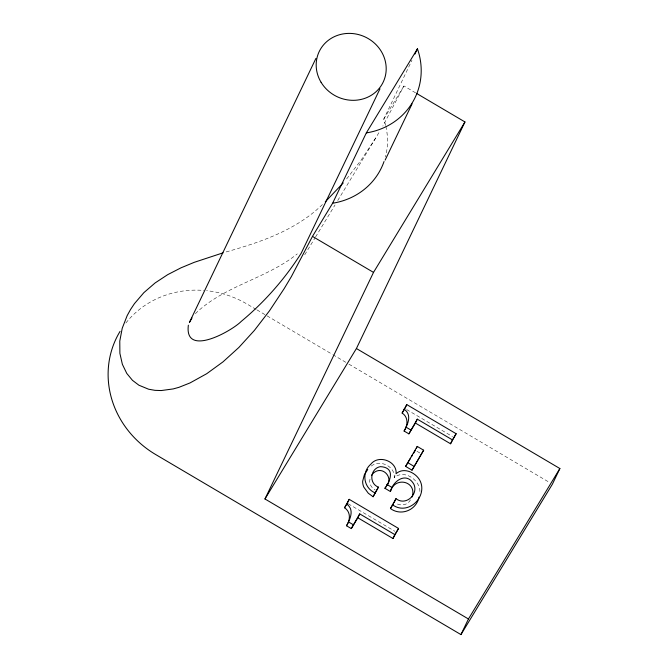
<?xml version="1.0" encoding="UTF-8"?>
<svg xmlns="http://www.w3.org/2000/svg" width="668" height="668" viewBox="0 0 668 668"><rect width="100%" height="100%" fill="white"/><g stroke="black" fill="none" stroke-linecap="round" stroke-linejoin="round"><path stroke-width="0.5" stroke-dasharray="3.34 2.5" d="M419.938 491.531C419.888 479.749 403.965 469.028 394.187 477.67C395.556 466.155 379.006 458.766 370.79 466.481M370.022 479.115C368.611 483.448 371.5 487.832 375.157 489.995M385.628 125.425A70.908 65.973 25.6 0 0 383.758 119.121L411.972 60.229M394.187 477.67L395.122 475.716M415.588 92.835L403.915 85.947L382.847 126.093M337.757 200.492L379.758 131.27M383.758 119.121L403.915 85.947M304.733 254.792L315.029 237.875M315.555 236.998L335.027 204.951M375.633 138.167L360.912 160.387L345.807 180.001M410.494 499.856C407.722 505.142 400.8 506.294 395.932 503.28M195.348 313.676C224.056 285.729 266.273 278.865 297.285 253.898M322.427 204.55C295.765 230.485 259.935 242.442 224.957 252.27M256.111 309.401L247.185 304.132A94.547 87.967 25.6 0 0 206.529 290.663M257.005 309.927L331.963 354.14M332.856 354.666L346.249 362.565M348.921 364.144L549.722 482.58M406.662 409.551L452.512 436.596M416.966 451.276L420.172 453.171M348.195 503.755L394.93 531.319M385.845 126.336A70.908 65.973 25.6 0 1 385.461 156.88M125.885 322.995A94.547 87.967 25.6 0 1 203.849 290.421"/><path stroke-width="1" d="M188.359 325.174C184.143 357.747 231.47 331.27 241.29 321.358C264.611 301.986 284.96 278.798 301.21 253.214L379.992 88.786M412.114 496.959C417.333 481.311 394.838 475.825 390.421 491.531L384.91 488.283C390.955 480.234 395.13 467.299 380.334 466.656C370.197 468.443 368.561 483.44 378.422 487.139L373.086 496.741L368.277 493.209L363.876 487.222A14.162 13.176 25.6 0 1 362.674 481.219L364.327 474.865L367.734 469.487M419.028 497.084C416.523 510.035 401.192 516.481 390.463 508.557L395.99 498.637C405.359 506.26 418.51 494.829 413.968 484.434C406.804 471.341 393.093 480.526 390.421 491.531M357.848 517.8L351.293 528.58L346.508 525.766C350.341 520.005 350.942 511.955 344.554 507.78L349.189 499.33L398.562 528.455L392.959 538.508L357.848 517.8L359.718 513.892L394.83 534.6L392.959 538.508M415.429 423.069L408.874 433.849L404.09 431.035C407.923 425.274 408.524 417.224 402.136 413.049L406.77 404.599L456.144 433.724L450.541 443.777L415.429 423.069L417.3 419.162L452.411 439.87L450.541 443.777M346.508 525.766C350.308 519.069 354.666 509.275 346.425 503.872M404.09 431.035C407.897 424.339 412.248 414.544 404.006 409.142M315.897 58.45L189.42 322.435L192.008 317.993M223.087 252.83L194.288 262.315L181.02 267.818L167.701 274.657L155.135 282.923L143.879 292.642L134.46 303.623L130.527 309.518L127.162 315.63L122.219 328.28L119.781 341.089L119.889 353.314L122.369 364.31L126.761 373.395L132.473 380.334L138.919 385.219L148.622 389.219L154.968 390.337L161.213 390.555L173.237 388.918L179.032 387.298L190.071 382.914L206.721 373.696L222.987 361.872L238.868 347.46L254.358 330.443L269.463 310.829L284.184 288.609L291.407 276.535L312.474 236.389L332.631 203.222L366.323 132.907L417.442 48.806L414.92 54.083M385.135 160.103L412.081 103.857M120.073 331.353A94.547 87.967 25.6 0 0 155.736 454.574L460.953 634.6L468.435 618.977L264.962 498.963L373.512 272.394L464.961 121.952L416.481 93.361M264.962 498.963L356.411 348.521L464.961 121.952M347.31 503.238L349.189 499.33M404.9 408.507L406.77 404.599M351.293 528.58L359.718 513.892M373.086 496.741L378.422 487.139M408.874 433.849L417.3 419.162M405.601 466.398L417.241 446.424L423.646 450.207L412.006 470.18L405.601 466.398L410.486 458.365M416.298 448.378L417.241 446.424M394.12 502.545L395.99 498.637M412.006 470.18L423.646 450.207M356.411 348.521L559.884 468.535L552.403 484.158L460.953 634.6M386.797 485.569C392.817 478.814 385.135 468.21 377.019 470.932A11.156 10.379 25.6 0 0 372.644 473.921L371.567 475.416M344.554 507.78L346.851 503.998M402.136 413.049L404.432 409.267M411.463 456.762L412.44 455.15M413.409 453.547L415.362 450.332M390.463 508.557L393.602 503.405M394.83 534.6L398.562 528.455M452.411 439.87L456.144 433.724M468.435 618.977L559.884 468.535M384.91 488.283L385.962 486.863M343.243 182.94L325.291 201.811M392.333 504.649C405.443 514.61 422.852 501.868 421.767 486.88A17.168 15.974 25.6 0 0 418.978 478.948C414.193 471.867 403.146 467.216 396.057 473.762C397.402 461.179 378.539 454.265 370.865 464.151C361.338 472.201 363.476 487.815 374.957 492.842M312.474 236.389L373.512 272.394M405.969 427.128L410.745 429.95M407.472 462.49L413.876 466.272M386.78 484.375L392.291 487.623M348.379 521.858L353.163 524.672M384.042 161.514A70.908 65.973 25.6 0 1 332.631 203.222M417.442 48.806A70.908 65.973 25.6 0 1 366.323 132.907M321.074 82.281A35.454 32.991 25.6 0 0 381.712 84.853A35.454 32.991 25.6 0 0 350.775 33.425A35.454 32.991 25.6 0 0 321.074 82.281"/></g></svg>
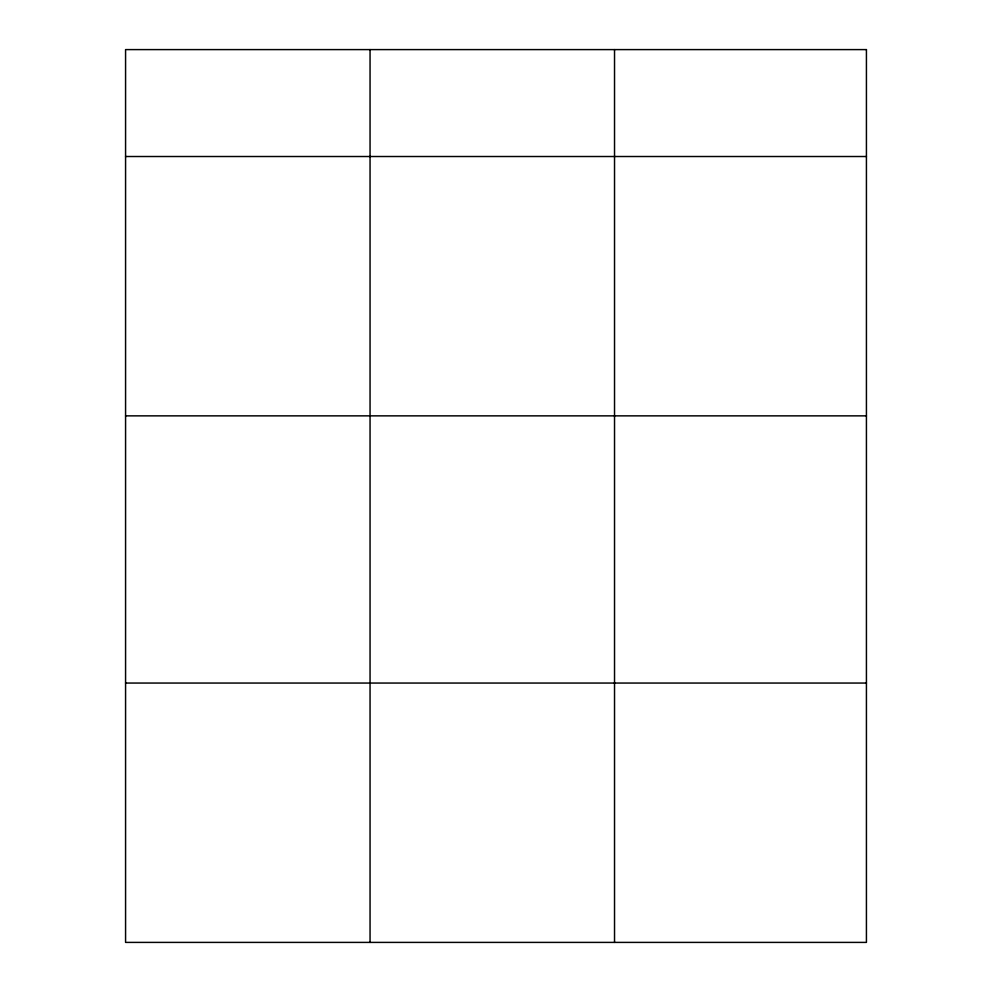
<?xml version="1.0" encoding="UTF-8"?>
<svg xmlns="http://www.w3.org/2000/svg" width="992" height="992" viewBox="0 0 992 992"><rect width="100%" height="100%" fill="white"/><g stroke="black" fill="none" stroke-linecap="round" stroke-linejoin="round"><path stroke-width="1.49" d="M125.575 156.513L866.425 156.513M125.575 415.859L866.425 415.859M125.575 683.054L866.425 683.054M614.532 49.6L614.532 942.4M370.053 49.6L370.053 942.4M866.425 49.6L125.575 49.6L125.575 942.4L866.425 942.4L866.425 49.6"/></g></svg>
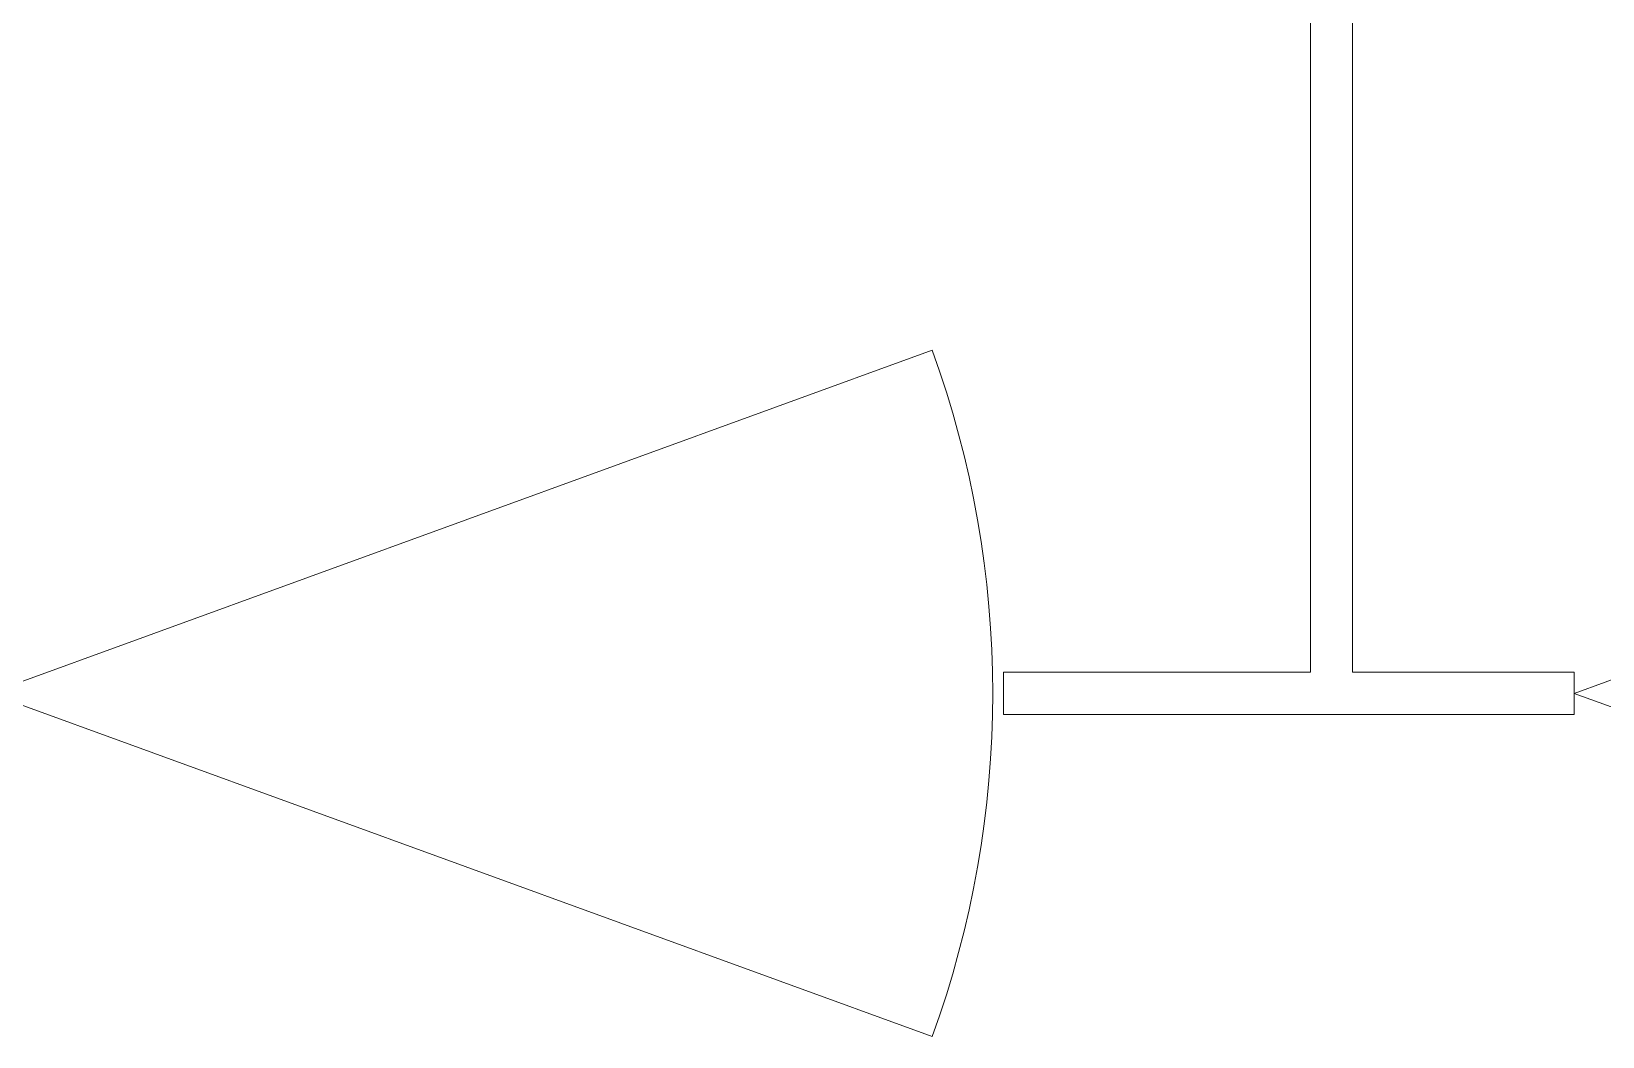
# Model space of a CAD drawing. Header units: millimetres. Extents: x -4000 to 187956, y -58990 to 162485.
# Drawn here: x 2469 to 3398, y 80209 to 80804 of the extents above; entities that cross this region are included whole.
import ezdxf

# ---------------------------------------------------------------- set-up
doc = ezdxf.new("R2010")
doc.units = ezdxf.units.MM
doc.layers.add('A-DOOR', color=31, linetype='Continuous', lineweight=13)
doc.layers.add('A-WALL', color=113, linetype='Continuous', lineweight=13)

# ---------------------------------------------------------------- blocks, each defined once
blk = doc.blocks.new('cua wc - 600 x 2000mm-535089-FFS - TANG 1')
at = {"layer": 'A-DOOR', "color": 5, "lineweight": 15}
for q in [(-100.28, 203.02), (-100.28, -203.02)]:
    blk.add_line((457.5, 0), q, dxfattribs=at)
blk.add_arc((457.5, 0), 593.58, 160, 200, dxfattribs=at)
blk = doc.blocks.new('CMF2_NHAXUONG_A_rvt-1-FFS - TANG 1')
at = {"layer": 'A-WALL', "color": 35, "lineweight": 15}
for p, q in [((3225, 81599.91), (3225, 80425)), ((3250, 80425), (3250, 81599.91)), ((3225, 80425), (3043.54, 80425)), ((3043.54, 80400), (3043.54, 80425)), ((3381.04, 80425), (3250, 80425)), ((3381.04, 80425), (3381.04, 80400)), ((3043.54, 80400), (3381.04, 80400))]:
    blk.add_line(p, q, dxfattribs=at)
at = {"layer": 'A-WALL', "color": 50, "lineweight": 15}
for p, q in [((3225, 80425), (3225, 81599.91)), ((3250, 81599.91), (3250, 80425)), ((3043.54, 80425), (3225, 80425)), ((3043.54, 80425), (3043.54, 80400)), ((3250, 80425), (3381.04, 80425)), ((3381.04, 80400), (3381.04, 80425)), ((3381.04, 80400), (3043.54, 80400))]:
    blk.add_line(p, q, dxfattribs=at)
at = {"layer": 'A-DOOR', "color": 250, "lineweight": 9, "rotation": 180}
for p in [(2901.04, 80412.5), (3838.54, 80412.5)]:
    blk.add_blockref('cua wc - 600 x 2000mm-535089-FFS - TANG 1', p, dxfattribs=at)

msp = doc.modelspace()

# ---------------------------------------------------------------- block references
at = {"lineweight": 5}
msp.add_blockref('CMF2_NHAXUONG_A_rvt-1-FFS - TANG 1', (0, 0), dxfattribs=at)

doc.saveas('drawing.dxf')

-------

(TASK DIRECTIONS)
Your answer should be the lines above that contain the word "lineweight", copied out.

(ANSWER TO THIS PROBLEM)
doc.layers.add('A-DOOR', color=31, linetype='Continuous', lineweight=13)
doc.layers.add('A-WALL', color=113, linetype='Continuous', lineweight=13)
at = {"layer": 'A-DOOR', "color": 5, "lineweight": 15}
at = {"layer": 'A-WALL', "color": 35, "lineweight": 15}
at = {"layer": 'A-WALL', "color": 50, "lineweight": 15}
at = {"layer": 'A-DOOR', "color": 250, "lineweight": 9, "rotation": 180}
at = {"lineweight": 5}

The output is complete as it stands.